AI Models Becoming More Accessible
Ilya Sutskever, co-founder of OpenAI, had long believed that ample data and computing resources were essential for developing superior AI models. This notion, known as pre-training scaling, favoured well-funded developers with expansive data centers and cutting-edge chips. However, in November 2024, he revealed to Reuters that the effectiveness of this method has plateaued.
Since then, OpenAI has pivoted to focusing on models that excel in “reasoning,” spending additional time to generate better responses, known as test-time scaling. The latest versions (GPT-4o1 to GPT-4o3) have shown marked improvement in solving complex problems, bringing AI closer to resembling human intelligence on an academic scale.
OpenAI invested around $20 billion to achieve these advancements, largely funded through investors since 2015. In stark contrast, DeepSeek’s recently launched V3 model, produced for just $5.6 million, demonstrates competitive performance against OpenAI’s GPT-4o models across various benchmarks.
After the U.S. restricted Nvidia from selling its latest GPUs to Chinese companies, DeepSeek leveraged older models like the H100 and H800 to develop V3. To make up for reduced hardware capabilities, DeepSeek innovated with more efficient software algorithms and data processing techniques.
Moreover, DeepSeek employed a method known as distillation, training a smaller model using existing models like GPT-4o1 to generate a similar outcome. This approach accelerates the training process of competitive LLMs and hints at future commoditization. This suggests the market may see a proliferation of hundreds of LLMs with similar features that are often interchangeable.
This scenario poses a genuine risk for OpenAI and Nvidia. OpenAI may struggle to sustain its edge, while reduced demand for LLM training could impact Nvidia negatively.
DeepSeek’s Cost Advantages Highlight Industry Changes
Training efficiency is just one aspect of AI development; inference—the process of generating accurate responses based on prompts—also plays a crucial role. Typically, lower costs can lead to lower prices for consumers.
Currently, DeepSeek charges only $0.14 per 1 million input tokens, significantly undercutting OpenAI’s price of $2.50 for the same amount. Input tokens are calculated based on the total number of words in a user’s prompt.

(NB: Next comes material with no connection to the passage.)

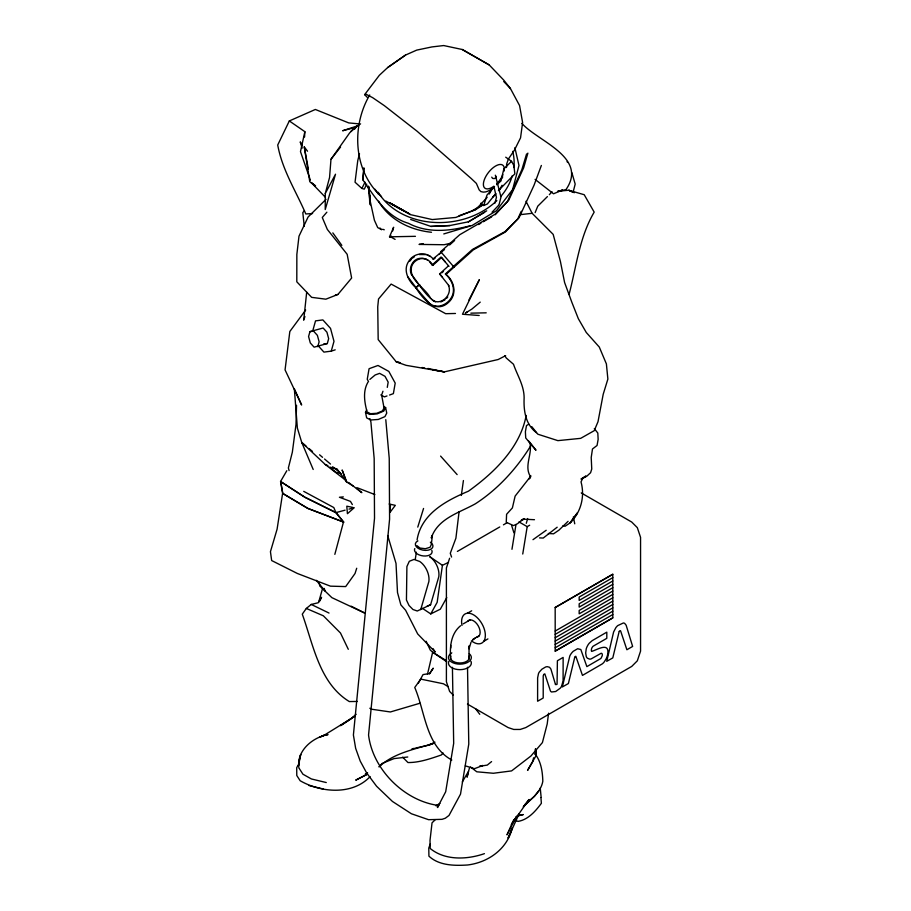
<?xml version="1.0" encoding="UTF-8"?>
<svg xmlns="http://www.w3.org/2000/svg" width="911" height="911" viewBox="0 0 911 911"><rect width="100%" height="100%" fill="white"/><g stroke="black" fill="none" stroke-linecap="round" stroke-linejoin="round"><path stroke-width="1.37" d="M325.273 193.496L325.227 209.553L335.51 174.217L325.273 193.496L329.566 177.474L330.978 159.288L349.665 132.858L357.146 125.877L360.597 123.862M535.941 749.343L535.839 756.028L527.56 770.387L532.719 761.653L533.595 757.793M296.53 405.281L296.007 424.424L292.351 452.152L288.366 467.981L289.117 470.6M506.505 167.533L506.641 164.06L508.418 158.981L514.43 150.144L520.545 137.868L522.607 122.518L519.577 105.574L510.422 88.515L503.76 80.134L489.196 64.92L462.253 49.501L443.691 45.55L431.916 46.928L416.691 50.116L405.543 55.059L387.676 67.539L379.329 75.306L364.639 94.642L367.258 97.329M304.57 137.06L304.855 131.685L289.322 120.947L277.718 145.02C282.239 169.981 295.95 191.059 305.811 213.96L312.598 213.538M390.5 504.603L389.954 512.46L395.317 505.343L389.145 504.011M469.814 225.871C449.51 231.121 427.601 233.478 408.401 223.275C386.674 216.864 374.968 197.311 362.829 179.82L363.865 168.296M362.829 179.82L363.91 167.943M303.693 320.308L306.688 292.192M526.182 415.405C520.17 447.654 494.195 472.672 468.459 491.177C446.333 500.526 421.337 513.713 417.079 539.859M450.763 658.949C449.59 647.209 450.751 633.737 460.567 625.755M459.076 511.754L455.899 538.23L450.285 553.284L451.571 557.065M548.57 713.199L547.204 723.972L542.409 742.59L530.919 756.028L511.595 770.9L493.352 773.268L476.817 771.799L470.475 766.982M461.33 495.447L463.414 480.541M448.474 562.372L442.427 565.31L437.166 602.319L430.755 613.923L422.419 608.354M415.302 559.172L416.361 552.191M286.806 470.714L280.565 481.475L282.615 493.318L277.092 529.177L270.442 551.679L271.66 560.55L297.339 573.463L330.431 586.16L345.69 586.582L355.028 573.52L356.713 568.248M511.959 549.299L515.968 524.656M522.743 554.025L527.196 526.649L529.655 525.226M387.277 387.38L388.177 382.13L385.011 376.323L379.625 373.362L375.173 374.968L369.889 379.386M304.855 131.685L300.482 151.613L310.366 180.082M527.651 518.53L526.296 523.301M569.056 294.481C576.344 266.809 579.419 237.122 594.188 212.126L584.213 194.715L568.76 190.262L557.589 191.23M427.475 674.299L432.657 652.219L430.243 650.021L426.12 641.253M392.743 230.904L393.62 227.238L389.521 236.814L391.149 237.395L391.286 236.029M381.914 394.269L382.962 391.229M359.503 153.743L357.772 160.541L355.039 182.211L361.895 188.44L364.275 189.135L366.734 184.136M499.057 204.668L500.993 197.072L495.356 175.197M573.144 192.062L575.183 184.079L571.88 172.691M494.924 203.153L496.438 197.368L494.115 187.359M334.838 554.355L343.481 522.037L335.92 512.62L333.813 507.552L303.727 491.359M309.934 331.627L308.578 336.523L310.309 342.957L314.113 347.171L327.311 343.549L328.666 338.653L326.935 332.208L323.132 328.006L309.934 331.627L313.589 331.149L317.392 335.362L319.123 341.796L317.768 346.692M312.792 330.716L315.525 320.877L322.87 319.909L330.522 328.381L333.995 341.318L331.251 351.145L323.917 352.113L317.973 345.531M318.668 602.194L322.528 588.574M527.89 153.116L523.654 167.84L508.623 200.454L494.958 214.313L459.77 234.696L440.708 251.652L454.031 267.162L473.321 249.842L505.332 232.043L517.755 218.959L521.24 211.306M526.581 153.948L521.855 169.674L507.393 201.559L495.242 214.757M480.917 203.187L483.752 205.522L486.964 195.079L494.536 186.63M417.762 527.105L423.558 508.452M469.416 768.075L467.07 777.174L468.459 771.435L462.321 781.911M304.103 319.066L304.912 316.584M496.188 176.404L495.709 177.816L494.206 178.624L492.566 178.351L491.735 177.144M449.624 558.261L446.401 567.952L446.401 681.735L449.624 691.426L453.359 695.161M541.362 165.46L534.04 185.229L518.985 217.854L505.047 231.599L472.41 249.489L453.234 266.57L454.031 267.162L445.98 274.439L445.399 273.995L453.439 266.718M512.119 828.395C507.108 849.143 488.205 862.432 467.673 864.983C454.623 865.826 439.091 865.701 428.922 856.158L428.785 848.05L430.277 843.95M513.77 819.752L506.994 834.84L516.662 816.165L511.378 824.557L529.018 799.494L523.278 806.873C530.68 799.141 540.861 792.581 542.819 781.262C542.535 771.731 541.145 761.926 535.258 754.08M535.133 212.605L537.763 206.182L547.42 196.582M512.096 828.338L508.076 838.143L518.997 814.058L517.744 815.892L523.244 814.559L517.869 815.744M619.127 631.642L612.796 657.89L606.749 661.318L613.604 632.006L615.893 627.599A9.941 5.739 -60 0 1 617.726 625.606L623.375 622.976A8.108 4.68 -60 0 1 624.695 623.42L626.142 625.208L632.633 646.434L626.893 649.748L620.744 631.323A2.129 1.23 -60 0 0 620.539 630.856L620.448 630.742A1.31 0.752 -60 0 0 620.175 630.685L620.095 630.697A1.218 0.706 -60 0 0 619.275 631.369M420.723 609.607L428.876 581.503A15.658 9.839 63.9 0 0 419.743 561.483L414.015 559.434L409.312 561.29L406.898 566.574L406.443 600.007L409.005 605.473L412.968 609.505L417.261 611.008L430.596 604.756L438.806 576.674A15.612 9.805 64 0 0 429.719 556.667L442.427 565.31M367.885 382.301C362.646 391.434 364.514 402.286 367.065 411.92L370.504 413.708L376.903 413.275L382.506 410.872L384.043 407.912L381.789 395.898M574.75 657.207L568.384 683.535L562.338 686.962L569.785 656.045A7.584 4.373 -60 0 1 570.787 654.212L571.482 653.244A9.941 5.739 -60 0 1 573.315 651.251L577.654 648.734L580.831 649.532L586.866 666.624L600.497 658.71A2.881 1.663 -60 0 0 601.203 657.97L602.194 655.818A3.576 2.061 -60 0 0 602.308 654.884A3.883 2.243 -60 0 0 602.262 654.36A3.2 1.845 -60 0 0 602.16 653.973A2.801 1.617 -60 0 0 601.909 653.586L601.807 653.506A1.913 1.105 -60 0 0 600.998 653.358L591.239 658.847A7.903 4.566 -60 0 1 589.69 659.131L587.47 658.254A11.217 6.479 -60 0 1 586.274 656.558L585.671 653.005L586.228 648.917A9.577 5.534 -60 0 1 587.128 646.537L587.891 645.136A9.201 5.307 -60 0 1 589.349 643.155L592.173 640.661L606.806 632.154L606.806 638.326L593.414 646.058A2.391 1.389 -60 0 0 592.594 646.776L591.911 647.846A4.225 2.437 -60 0 0 591.398 649.657L591.376 650.522A3.337 1.924 -60 0 0 591.638 651.388C596.534 650.226 610.131 641.105 607.614 654.656A11.718 6.764 -60 0 1 607.011 656.751A12.196 7.037 -60 0 1 606.054 659.006L604.164 662.001A8.028 4.635 -60 0 1 602.114 663.982L582.471 675.393L575.832 656.33A1.173 0.672 -60 0 0 575.524 656.387A1.275 0.74 -60 0 0 575.24 656.569L575.08 656.729M319.727 601.101L321.56 597.274L318.258 602.74L311.243 604.448L306.324 608.446L302.281 614.173C313.35 644.863 319.397 683.296 349.312 701.561L357.34 701.447M361.895 188.44L365.026 182.166M530.817 445.707C516.856 468.379 497.884 489.309 475.303 503.84C459.064 512.904 437.94 518.336 431.256 537.934L432.406 535.509L431.279 544.653L430.026 547.306L425.335 548.718L419.948 548.046L417.022 545.7M468.937 300.004L479.357 279.677L462.481 314.238L479.197 315.491M383.565 406.488L385.604 407.547L386.742 413.116L384.92 416.623L378.281 419.459L370.72 419.982L366.643 417.864L365.505 412.296L366.712 409.95M385.604 407.547L383.782 411.043L377.143 413.89L369.57 414.403L365.505 412.296M471.055 642.198L469.028 648.78L469.028 646.161L469.028 658.949M489.264 194.054L491.678 189.454M499.524 189.966L502.007 185.275M418.274 683.25L423.023 674.595L429.696 673.502L433.226 668.173L429.491 673.878M446.754 597.605L440.32 609.186L430.755 613.923M369.729 94.96C351.168 126.39 353.354 171.462 381.504 196.651M439.307 804.493L437.439 807.545L445.684 791.761L453.678 743.365L452.425 667.319M502.747 176.939L497.417 184.136M530.601 476.943L529.371 478.867L530.225 476.18C523.95 465.737 532.628 454.008 529.86 442.848L528.482 440.81M305.663 310.059L289.823 331.513L285.063 369.889L301.621 405.008L294.344 388.826L297.373 428.09L301.757 442.473L313.202 469.472M538.891 790.611L534.495 796.294L525.021 804.447M330.978 159.288L340.566 147.035M354.527 129.214L357.146 125.877L351.111 131.116M304.433 210.657L302.816 212.593L304.263 226.44M326.036 199.338L308.1 217L298.99 236.2L296.849 254.431L296.804 281.806L311.653 297.35L325.865 299.184L337.935 294.435L351.635 278.026L347.171 254.306L327.356 229.458L322.278 217.49L326.867 212.195M446.504 298.444L447.791 296.94M409.586 261.343L411.373 259.282M379.34 766.584L382.062 763.475L394.053 758.601L407.764 756.995M495.766 193.633L487.374 203.962L483.752 205.522M498.431 190.615L514.852 173.853L513.895 165.563L511.549 161.293L505.719 157.193M549.356 194.669L552.009 191.709M299.286 763.304L296.701 767.677L296.781 775.5L300.163 780.738C320.991 792.741 352.386 795.405 370.117 776.605M487.134 197.357L476.009 209.371L455.762 217.456L432.235 219.562L410.383 214.62L391.958 204.212M443.122 753.033L441.243 755.025C430.573 758.647 419.299 762.689 407.957 762.541L402.662 757.166M492.749 197.129L495.652 194.054M530.965 475.929L515.125 496.108L512.392 507.905L506.596 514.282L506.254 522.254L513.519 525.601L517.516 523.688L524.224 518.598M492.065 212.195L498.636 205.294M472.467 640.308L475.178 638.064M568.077 521.331L558.944 530.145L553.558 533.812L548.342 533.504M511.549 161.293L503.863 168.865L500.913 181.038L496.666 184.762M441.835 272.867L443.475 271.387M429.844 262.129L432.201 264.964L440.992 257.039L449.021 266.365M432.201 264.964L432.793 265.397L441.573 257.483L445.308 261.924M448.428 265.921L439.614 273.904L449.043 285.838M432.93 258.986L444.522 249.534M435.356 257.779L433.511 259.43C427.441 251.197 414.22 252.449 408.993 260.91C402.366 270.111 408.549 281.26 415.928 287.796C422.476 298.261 435.469 314.557 448.474 302.429C457.265 294.743 454.669 281.214 445.98 274.439M439.034 254.465L441.493 252.245M449.578 245.002L454.623 240.481M356.11 714.315L350.359 719.291L340.577 725.646L354.994 716.023M480.234 302.122L471.796 309.148L465.362 313.088L467.502 311.767M557.168 527.207L543.229 538.048L539.528 537.9M491.576 761.596L487.271 765.103L479.778 766.253M378.953 766.903C394.281 752.611 415.2 749.309 434.308 743.137M439.922 803.468L435.902 805.745L438.259 805.586M546.201 530.27L532.992 539.676M445.058 299.765L440.81 301.951M412.262 258.246L414.471 256.697M387.676 67.539L405.543 55.059M493.796 187.529C490.198 190.194 485.552 193.405 480.894 191.595L479.163 189.887L476.373 183.407L471.146 178.454L417.056 131.195L384.385 105.687L372.622 97.636L366.233 94.345L364.639 94.642M486.702 210.817L468.311 221.897L484.561 212.343M353.764 716.934L323.815 735.462L328.017 734.573C312.462 737.261 296.018 751.131 298.967 768.246M346.408 481.908L342.137 469.996L346.806 482.078L336.99 468.937M435.287 819.706L432.042 822.815L430.015 840.375L430.186 848.232M483.115 204.861L475.041 209.974L459.03 215.736M523.21 519.042L521.217 520.272L524.019 519.213L534.472 519.703M528.756 424.207L526.501 425.574L525.385 431.7L525.727 437.975L535.987 450.239L529.428 441.881M367.486 772.813L365.265 774.134L367.577 773.006M478.56 224.55L480.94 223.149M483.32 221.749L491.667 216.852M457.379 551.428L499.752 526.957M503.441 524.827L507.12 522.709M467.525 613.194L471.67 610.803M463.221 623.876L470.133 619.89M472.866 639.397L479.266 635.707M483.764 641.31L487.909 638.907M555.175 607.512L612.773 574.26L612.807 617.886L555.209 651.137L555.175 607.512L612.807 574.272M612.807 577.631L579.168 597.047L579.168 600.406L612.807 580.979M612.807 584.338L579.168 603.765L579.168 607.113L612.807 587.686M612.807 591.045L579.168 610.472L579.168 613.82L612.807 594.405M555.209 631.038L612.807 597.753M555.209 634.363L612.807 601.112M555.209 637.723L612.807 604.46M555.209 641.071L612.807 607.819M555.209 644.43L612.807 611.167M555.209 647.778L612.807 614.526M555.175 651.114L612.773 617.863M472.843 210.361L481.475 205.442M505.639 355.666L498.169 359.515L444.352 371.87L406.147 365.345L396.319 361.906L378.179 339.587L377.735 306.848L378.52 298.99L391.126 284.073L445.684 313.691L455.466 313.475M431.472 743.877L428.364 745.414L434.957 742.158M289.322 120.947L315.354 109.468L348.731 122.917L359.139 123.873M427.122 606.157L430.596 604.756M386.993 395.955L384.442 396.889L380.832 394.896M389.544 395.032L393.381 393.643L395.203 383.098L388.838 371.426L378.008 365.47L369.069 368.716L367.258 379.261L368.522 381.595M434.217 743.057L426.883 745.619L415.667 748.022M358.33 125.593L342.638 130.751L354.481 127.608M331.251 351.145L335.214 349.835M443.771 233.933L472.114 225.472L496.427 210.737L512.654 189.511L518.974 165.46L514.874 147.696M420.017 703.224L390.375 711.969L372.303 709.327L369.82 708.246M345.075 510.171L335.92 512.62L304.855 497.212L280.565 481.475M349.004 509.124L354.242 507.723L347.421 513.702L346.795 506.186L353.001 507.461M484.424 853.653C467.218 859.62 445.422 860.679 430.539 848.767M335.373 295.039L337.935 294.435M450.899 243.191L444.135 244.729L419.049 244.421L423.251 243.67M411.966 748.853L414.437 748.307M480.063 766.071L482.841 765.491L474.494 768.679L465.339 765.855M468.448 221.817L449.806 225.552L430.937 226.418L410.667 219.483M323.656 344.028L327.311 343.549M389.521 236.814L415.427 236.325M519.714 214.723L532.138 213.311L553.171 234.366L560.402 261.423L564.604 282.535L571.823 302.213L578.348 318.713L586.263 332.458L599.29 347.068L606.396 363.91L607.876 379.078L603.196 394.304L598.003 421.725L594.223 430.675L580.683 438.35L557.885 440.639L537.877 434.217L531.751 426.633M419.288 254.522L425.665 254.59M343.345 496.905L339.427 497.258L350.462 501.392L352.352 504.557M430.937 226.418L449.932 225.564M470.839 313.156L486.212 312.826M438.202 805.426C404.359 800.837 372.667 769.499 368.556 735.006L389.589 519.145L389.236 458.37L385.786 419.664M562.759 525.977L565.173 526.194L570.104 522.891L577.21 513.132L570.104 522.891C581.047 512.244 585.021 496.552 581.024 481.885L582.641 478.514L585.853 476.043L581.024 479.072L586.718 476.282L590.579 472.718L591.751 469.017L591.216 457.493L592.48 448.986L597.058 445.479L598.151 439.341L597.81 433.044L594.314 428.591M433.18 305.64C439.74 307.611 446.845 304.342 450.592 298.819C456.582 290.563 452.334 280.178 445.399 273.995M432.862 369.855L444.352 371.87L427.885 368.454M400.441 362.76L396.319 361.906L400.385 362.794M422.032 367.497L424.742 368.09M308.988 785.521L323.189 788.983M326.275 782.549L311.391 778.962L302.93 774.202L299.48 768.861M335.271 468.459L329.839 467.127L335.795 472.24L341.147 473.674M374.854 494.559L357.294 487.784M382.677 229.299L384.26 229.777M515.569 820.481L518.052 821.392C528.129 819.775 535.577 811.132 541.373 803.308L540.94 797.615M343.481 522.037L307.759 508.361L282.615 493.318M306.039 446.06L301.757 442.473L325.329 464.553L327.903 465.578M306.324 608.446L323.348 615.802L340.486 633.02L348.298 649.304M333.096 467.707L336.979 469.438M572.404 191.925L568.76 190.262L574.317 192.711M426.917 254.807L430.322 256.458M427.851 260.136C422.044 256.219 413.822 259.92 411.681 266.274C408.082 280.019 425.676 287.842 430.744 298.614M311.243 604.448L329.03 613.057M432.338 300.175C441.243 306.107 452.756 294.629 448.463 285.394M435.344 301.814C424.936 295.483 418.946 283.469 411.237 274.268C409.756 270.647 410.326 266.467 412.421 263.211C417.363 255.205 428.933 257.574 432.793 265.397M346.806 482.078L353.274 486.11M351.134 606.191L364.548 612.966L331.877 597.65L319.75 585.967L319.328 583.165M451.799 760.025C425.733 745.767 425.346 712.163 414.744 687.486L420.768 679.116L443.441 683.785L448.121 686.643M385.854 201.069L403.322 210.657M408.094 213.049L389.68 202.789L409.961 214.153M489.196 64.92L462.253 49.501M391.001 237.054L395.101 239.399M581.252 492.919L631.733 522.06L637.324 527.651L640.558 537.342L640.558 651.126L637.324 660.817L631.733 666.419L525.795 727.582L520.192 729.449L513.736 729.449L508.144 727.582L467.445 704.089M518.974 521.901L527.196 526.649M445.502 660.145L432.657 652.219L446.686 661.739M315.331 185.855L309.774 181.699L304.274 146.899L307.519 151.226M439.614 273.904L442.541 277.195M315.593 185.878L311.186 182.553L325.478 197.357M416.509 288.24L415.928 287.796L419.242 284.733L419.755 285.086L419.242 284.733L415.849 287.705L430.391 304.445M325.329 464.553L345.246 479.892M348.56 482.454L361.838 492.68L356.474 488.194M521.844 123.327C537.604 141.364 588.46 157.284 565.947 189.625L558.124 191.469L562.599 189.978L553.524 193.792L535.087 179.376M332.617 466.728L340.099 472.707M309.262 448.747L312.484 451.446M319.579 454.805L322.551 457.333M324.544 459.019L330.511 464.075M503.772 81.546L510.422 88.515M380.012 228.035L381.607 229.709L377.712 227.591L374.41 220.257L370.162 200.967M440.594 456.092L457.14 474.608M536.42 432.668C525.385 424.298 523.552 410.679 524.132 397.743C524.03 385.376 517.346 375.469 513.497 364.263L506.231 357.977L504.899 355.848M316.265 580.318L325.09 591L324.214 588.404M416.441 288.149L407.912 276.853M475.576 708.769L479.767 714.292M332.834 232.886L341.841 245.378M374.979 189.237L378.646 194.464M433.021 648.575L435.253 652.082L417.682 633.942L405.634 610.29L400.863 604.881L397.503 592.549L396.012 563.408L387.699 535.52M302.247 145.509L300.231 141.877L302.179 148.151M567.12 161.554L567.564 162.431M525.989 201.274L532.138 213.311M535.064 753.909L535.998 755.902L535.269 753.351M555.391 684.161L550.893 669.05L549.538 667.273L547.34 666.681A9.987 5.773 -60 0 0 545.473 667.068L541.863 669.232L539.21 672.181A6.172 3.564 -60 0 0 538.469 673.707L537.627 677.898L537.604 701.242L543.207 698.008L543.207 676.178A2.414 1.389 -60 0 1 543.32 675.586L543.651 674.8A1.31 0.752 -60 0 1 543.856 674.493M511.561 525.26L513.929 532.844M369.866 418.604L370.902 421.941L374.17 458.495L374.523 518.257L353.4 734.995L355.654 748.352L360.209 761.061L366.655 772.972L376.573 786.239L392.447 801.452L411.396 813.751L428.58 819.695L442.04 819.331L445.32 818.226L449.009 815.447L460.51 794.141L468.778 744.093L467.514 667.273M573.361 516.913L574.739 523.814M368.112 186.493L369.319 193.109M369.809 195.763L370.287 198.404M304.274 146.899L308.339 169.025M540.246 788.117L541.157 797.467M368.386 186.14L370.321 204.861L369.707 193.827M535.417 748.956L535.839 756.028L535.463 749.093M369.126 186.926L369.684 202.071M450.763 645.398L450.763 648.017M544.015 674.322A1.606 0.922 -60 0 1 544.573 673.981A1.401 0.809 -60 0 1 544.846 673.924L550.426 690.937A6.821 3.94 -60 0 0 551.554 691.984L555.687 691.517L560.231 688.204A6.548 3.781 -60 0 0 561.586 686.188L563.1 680.802L563.135 657.423L557.395 660.737L557.065 684.195A1.184 0.683 -60 0 1 556.837 684.446L555.596 684.628A1.765 1.013 -60 0 1 555.437 684.343M469.028 656.114A9.452 5.455 0 0 1 459.896 662.992A9.452 5.455 0 0 1 450.763 656.114M470.964 661.34A11.456 6.616 0 0 1 459.896 669.665A11.456 6.616 0 0 1 448.838 661.34M469.267 653.734A11.456 6.616 0 0 1 467.013 662.718A11.456 6.616 0 0 1 451.344 661.933A11.456 6.616 0 0 1 451.799 652.857M461.991 625.436A16.797 9.702 60 0 1 472.08 614.082A16.797 9.702 60 0 1 485.347 635.741A16.797 9.702 60 0 1 471.431 640.843M467.685 621.302A9.452 5.455 60 0 1 478.195 625.777A9.452 5.455 60 0 1 476.817 637.119M512.699 151.374A71.491 56.869 -6.1 0 1 513.895 167.51M512.312 175.641A71.491 56.869 -6.1 0 1 500.72 196.525M496.848 200.602A71.491 56.869 -6.1 0 1 378.236 192.289M431.495 232.271A71.502 56.869 -6.1 0 1 378.612 201.229M431.803 550.346A8.894 5.09 8.9 0 1 423.33 555.949A8.894 5.09 8.9 0 1 414.767 548.604M430.368 542.182A8.894 5.102 8.9 0 1 430.413 549.447A8.894 5.102 8.9 0 1 417.944 548.183A8.894 5.102 8.9 0 1 417.887 540.906M493.899 186.174A14.587 6.844 -52 0 1 483.399 183.749A14.587 6.844 -52 0 1 495.254 166.212A14.587 6.844 -52 0 1 504.102 171.086M502.94 174.741A14.587 6.844 -52 0 1 496.609 183.851M299.48 759.398L298.523 765.741L300.698 754.49L299.48 759.398M366.723 774.509L355.711 780.158L366.746 774.544M321.97 736.19L319.533 737.306L324.578 735.086L321.97 736.19M343.698 522.105L307.975 508.497L282.831 493.534L280.759 481.668L305.037 497.338L336.102 512.688L343.698 522.105"/></g></svg>

DeepSeek is not alone in this landmark shift. Kai-Fu Lee, former head of Google operations in China, launched 01.ai, which claims to have models that rival those from DeepSeek. They charge just $0.10 per 1 million input tokens, even cheaper than both DeepSeek and OpenAI’s rates.
Implications for OpenAI and Nvidia
The trend towards commoditization presents significant challenges for OpenAI. Its closed-source models restrict developer flexibility, potentially discouraging users once more competitive open-source models become widely available.
In contrast, DeepSeek’s open-source strategy allows developers to customize models to meet their specific needs and securely manage their data.
While OpenAI grapples with uncertainties, Nvidia may benefit from reduced inference costs, which could balance out diminished GPU demand in training scenarios.
Consider how the cellphone industry has evolved. When users faced costs for every text message or internet activity, usage was limited. Now, unlimited plans allow consumers to use their phones extensively for a small monthly fee, illustrating how low costs can drive higher usage.
AI could follow a similar trajectory. Increased usage may boost demand for Nvidia’s GPUs to manage inference tasks, especially as reasoning capabilities advance, necessitating greater computational power.
The short-term outlook remains uncertain. Will Nvidia’s clients cut back on data center spending as they refine their training approaches like DeepSeek has? Only time will tell, and insights should come with the start of the quarterly earnings season as companies report their results.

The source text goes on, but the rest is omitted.